On that note … here’s what’s new to me these past couple of weeks :)

Twitter Bootstrap

I’ve written a lot of demo apps, and while my coding style has changed over the years, one thing has remained constant: they all look fairly terrible. In theory, we’re all smart enough to know that what a demo looks like doesn’t have any bearing on what it explains, but in reality a good-looking demo is simply more compelling, if only because the viewer isn’t distracted by the bad design.

With this in mind, I decided to give Twitter Bootstrap a try. When I first arrived at the site, I started looking for docs about how to set it up, but it turns out that I vastly overestimated Bootstrap’s complexity. Drop a style tag into your page (and, optionally, another style tag for the responsive CSS), look at the examples, and start writing your markup.

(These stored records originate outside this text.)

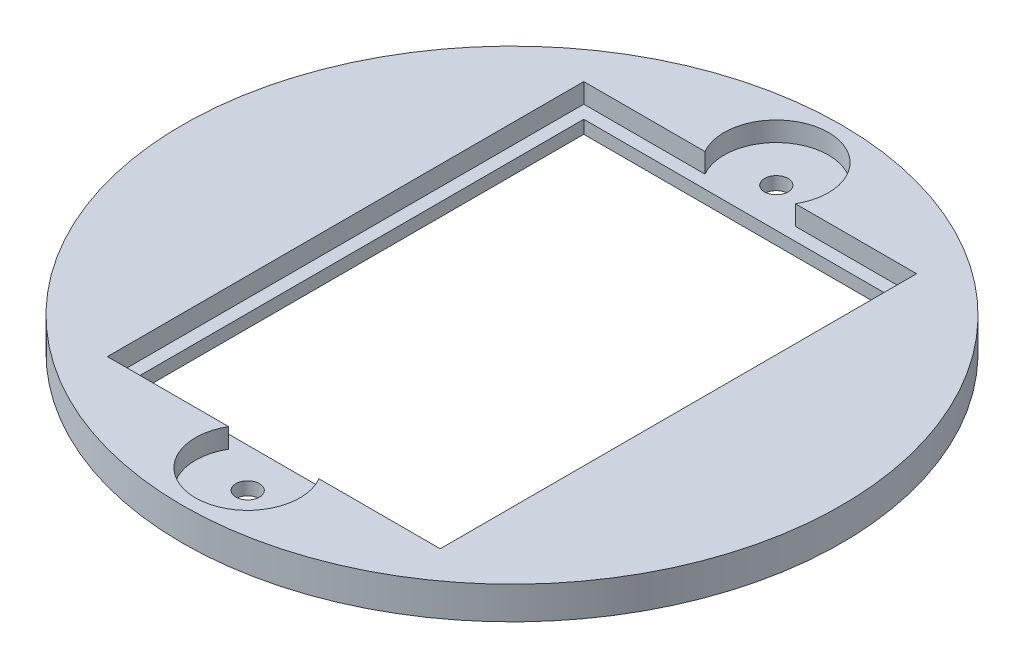
ISO-10303-21;
HEADER;
FILE_DESCRIPTION(('STEP AP214'),'2;1');
FILE_NAME('part.step','',(''),(''),'','','');
FILE_SCHEMA(('AUTOMOTIVE_DESIGN { 1 0 10303 214 1 1 1 1 }'));
ENDSEC;
DATA;
#1=APPLICATION_CONTEXT('core data for automotive mechanical design processes');
#2=APPLICATION_PROTOCOL_DEFINITION('international standard','automotive_design',2000,#1);
#3=PRODUCT_CONTEXT('',#1,'mechanical');
#4=PRODUCT('Part','Part','',(#3));
#5=PRODUCT_RELATED_PRODUCT_CATEGORY('part','',(#4));
#6=PRODUCT_DEFINITION_FORMATION('','',#4);
#7=PRODUCT_DEFINITION_CONTEXT('part definition',#1,'design');
#8=PRODUCT_DEFINITION('design','',#6,#7);
#9=PRODUCT_DEFINITION_SHAPE('','',#8);
#10=(LENGTH_UNIT() NAMED_UNIT(*) SI_UNIT(.MILLI.,.METRE.));
#11=(NAMED_UNIT(*) PLANE_ANGLE_UNIT() SI_UNIT($,.RADIAN.));
#12=(NAMED_UNIT(*) SI_UNIT($,.STERADIAN.) SOLID_ANGLE_UNIT());
#13=UNCERTAINTY_MEASURE_WITH_UNIT(LENGTH_MEASURE(1.E-05),#10,'distance_accuracy_value','');
#14=(GEOMETRIC_REPRESENTATION_CONTEXT(3) GLOBAL_UNCERTAINTY_ASSIGNED_CONTEXT((#13)) GLOBAL_UNIT_ASSIGNED_CONTEXT((#10,
#11,#12)) REPRESENTATION_CONTEXT('',''));
#15=CARTESIAN_POINT('',(0.,0.,0.));
#16=DIRECTION('',(0.,0.,1.));
#17=DIRECTION('',(1.,0.,0.));
#18=AXIS2_PLACEMENT_3D('',#15,#16,#17);
#19=CARTESIAN_POINT('',(-12.75,1.,18.25));
#20=DIRECTION('',(0.,0.,1.));
#21=DIRECTION('',(1.,0.,0.));
#22=AXIS2_PLACEMENT_3D('',#19,#20,#21);
#23=PLANE('',#22);
#24=DIRECTION('',(1.,0.,0.));
#25=VECTOR('',#24,1.);
#26=CARTESIAN_POINT('',(-12.75,1.,18.25));
#27=LINE('',#26,#25);
#28=CARTESIAN_POINT('',(3.46410161513775,1.,18.25));
#29=VERTEX_POINT('',#28);
#30=CARTESIAN_POINT('',(12.75,1.,18.25));
#31=VERTEX_POINT('',#30);
#32=EDGE_CURVE('E141',#29,#31,#27,.T.);
#33=ORIENTED_EDGE('',*,*,#32,.F.);
#34=DIRECTION('',(0.,1.,0.));
#35=VECTOR('',#34,1.);
#36=CARTESIAN_POINT('',(3.46410161513775,1.,18.25));
#37=LINE('',#36,#35);
#38=CARTESIAN_POINT('',(3.46410161513775,2.5,18.25));
#39=VERTEX_POINT('',#38);
#40=EDGE_CURVE('E124',#29,#39,#37,.T.);
#41=ORIENTED_EDGE('',*,*,#40,.T.);
#42=DIRECTION('',(1.,0.,0.));
#43=VECTOR('',#42,1.);
#44=CARTESIAN_POINT('',(-12.75,2.5,18.25));
#45=LINE('',#44,#43);
#46=CARTESIAN_POINT('',(12.75,2.5,18.25));
#47=VERTEX_POINT('',#46);
#48=EDGE_CURVE('E159',#39,#47,#45,.T.);
#49=ORIENTED_EDGE('',*,*,#48,.T.);
#50=DIRECTION('',(0.,1.,0.));
#51=VECTOR('',#50,1.);
#52=CARTESIAN_POINT('',(12.75,1.,18.25));
#53=LINE('',#52,#51);
#54=EDGE_CURVE('E162',#31,#47,#53,.T.);
#55=ORIENTED_EDGE('',*,*,#54,.F.);
#56=EDGE_LOOP('',(#33,#41,#49,#55));
#57=FACE_BOUND('',#56,.T.);
#58=ADVANCED_FACE('F33',(#57),#23,.F.);
#59=CARTESIAN_POINT('',(-12.75,1.,-18.25));
#60=DIRECTION('',(0.,0.,-1.));
#61=DIRECTION('',(-1.,0.,0.));
#62=AXIS2_PLACEMENT_3D('',#59,#60,#61);
#63=PLANE('',#62);
#64=DIRECTION('',(-1.,0.,0.));
#65=VECTOR('',#64,1.);
#66=CARTESIAN_POINT('',(-12.75,1.,-18.25));
#67=LINE('',#66,#65);
#68=CARTESIAN_POINT('',(-3.46410161513775,1.,-18.25));
#69=VERTEX_POINT('',#68);
#70=CARTESIAN_POINT('',(-12.75,1.,-18.25));
#71=VERTEX_POINT('',#70);
#72=EDGE_CURVE('E230',#69,#71,#67,.T.);
#73=ORIENTED_EDGE('',*,*,#72,.F.);
#74=DIRECTION('',(0.,1.,0.));
#75=VECTOR('',#74,1.);
#76=CARTESIAN_POINT('',(-3.46410161513775,1.,-18.25));
#77=LINE('',#76,#75);
#78=CARTESIAN_POINT('',(-3.46410161513775,2.5,-18.25));
#79=VERTEX_POINT('',#78);
#80=EDGE_CURVE('E195',#69,#79,#77,.T.);
#81=ORIENTED_EDGE('',*,*,#80,.T.);
#82=DIRECTION('',(-1.,0.,0.));
#83=VECTOR('',#82,1.);
#84=CARTESIAN_POINT('',(-12.75,2.5,-18.25));
#85=LINE('',#84,#83);
#86=CARTESIAN_POINT('',(-12.75,2.5,-18.25));
#87=VERTEX_POINT('',#86);
#88=EDGE_CURVE('E151',#79,#87,#85,.T.);
#89=ORIENTED_EDGE('',*,*,#88,.T.);
#90=DIRECTION('',(0.,1.,0.));
#91=VECTOR('',#90,1.);
#92=CARTESIAN_POINT('',(-12.75,1.,-18.25));
#93=LINE('',#92,#91);
#94=EDGE_CURVE('E144',#71,#87,#93,.T.);
#95=ORIENTED_EDGE('',*,*,#94,.F.);
#96=EDGE_LOOP('',(#73,#81,#89,#95));
#97=FACE_BOUND('',#96,.T.);
#98=ADVANCED_FACE('F233',(#97),#63,.F.);
#99=CARTESIAN_POINT('',(0.,2.5,0.));
#100=DIRECTION('',(0.,-1.,0.));
#101=DIRECTION('',(0.,0.,-1.));
#102=AXIS2_PLACEMENT_3D('',#99,#100,#101);
#103=CYLINDRICAL_SURFACE('',#102,25.25);
#104=CARTESIAN_POINT('',(0.,2.5,0.));
#105=DIRECTION('',(0.,1.,0.));
#106=DIRECTION('',(0.,0.,1.));
#107=AXIS2_PLACEMENT_3D('',#104,#105,#106);
#108=CIRCLE('',#107,25.25);
#109=CARTESIAN_POINT('',(0.,2.5,25.25));
#110=VERTEX_POINT('',#109);
#111=EDGE_CURVE('E11',#110,#110,#108,.T.);
#112=ORIENTED_EDGE('',*,*,#111,.F.);
#113=EDGE_LOOP('',(#112));
#114=FACE_BOUND('',#113,.T.);
#115=CARTESIAN_POINT('',(0.,0.,0.));
#116=DIRECTION('',(0.,1.,0.));
#117=DIRECTION('',(0.,0.,1.));
#118=AXIS2_PLACEMENT_3D('',#115,#116,#117);
#119=CIRCLE('',#118,25.25);
#120=CARTESIAN_POINT('',(0.,0.,25.25));
#121=VERTEX_POINT('',#120);
#122=EDGE_CURVE('E37',#121,#121,#119,.T.);
#123=ORIENTED_EDGE('',*,*,#122,.T.);
#124=EDGE_LOOP('',(#123));
#125=FACE_BOUND('',#124,.T.);
#126=ADVANCED_FACE('F35',(#114,#125),#103,.T.);
#127=CARTESIAN_POINT('',(0.,2.5,0.));
#128=DIRECTION('',(0.,1.,0.));
#129=DIRECTION('',(0.,0.,1.));
#130=AXIS2_PLACEMENT_3D('',#127,#128,#129);
#131=PLANE('',#130);
#132=CARTESIAN_POINT('',(0.,2.5,20.25));
#133=DIRECTION('',(0.,1.,0.));
#134=DIRECTION('',(0.,0.,1.));
#135=AXIS2_PLACEMENT_3D('',#132,#133,#134);
#136=CIRCLE('',#135,4.);
#137=CARTESIAN_POINT('',(-3.46410161513775,2.5,18.25));
#138=VERTEX_POINT('',#137);
#139=EDGE_CURVE('E126',#138,#39,#136,.T.);
#140=ORIENTED_EDGE('',*,*,#139,.F.);
#141=CARTESIAN_POINT('',(-12.75,2.5,18.25));
#142=VERTEX_POINT('',#141);
#143=EDGE_CURVE('E134',#142,#138,#45,.T.);
#144=ORIENTED_EDGE('',*,*,#143,.F.);
#145=DIRECTION('',(0.,0.,1.));
#146=VECTOR('',#145,1.);
#147=CARTESIAN_POINT('',(-12.75,2.5,-18.25));
#148=LINE('',#147,#146);
#149=EDGE_CURVE('E156',#87,#142,#148,.T.);
#150=ORIENTED_EDGE('',*,*,#149,.F.);
#151=ORIENTED_EDGE('',*,*,#88,.F.);
#152=CARTESIAN_POINT('',(0.,2.5,-20.25));
#153=DIRECTION('',(0.,1.,0.));
#154=DIRECTION('',(0.,0.,1.));
#155=AXIS2_PLACEMENT_3D('',#152,#153,#154);
#156=CIRCLE('',#155,4.);
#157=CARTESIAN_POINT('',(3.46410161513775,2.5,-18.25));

What I really loved is that there were patterns for everything I needed, and those patterns were easy to follow and implement. Within an hour or so I had a respectable-looking HTML page with markup that didn’t seem to suck – that is, it looked good and it was a decent starting point if I ever wanted to apply a custom design.

Node

If you’ve ever talked to me about Node, you know that I have pretty mixed feelings about it – some days I feel like the people writing JavaScript in the browser really would have benefited if the people who have gravitated to Node had stuck around to invest their collective smarts in the world where 99% of JavaScript is still written. But that doesn’t really have anything to do with Node the technology, so much as Node the new shiny thing unburdened by browser differences.

I’ve actually visited Node a couple of times previously – if you haven’t at least installed it, you might be living under a rock – and I was flattered that Garann asked me to review her book Node for Front-End Developers, but past experiences had left me frustrated.

This time, something was different. I don’t rule out that it might be me, or even that learning some of the ins and outs of Ruby might have prepared me to understand Node – and packages and dependency management and writing for the server instead of the browser – better this time around. It could also be that the Node ecosystem has reached a point of maturity that it just hadn’t reached the last time I poked around.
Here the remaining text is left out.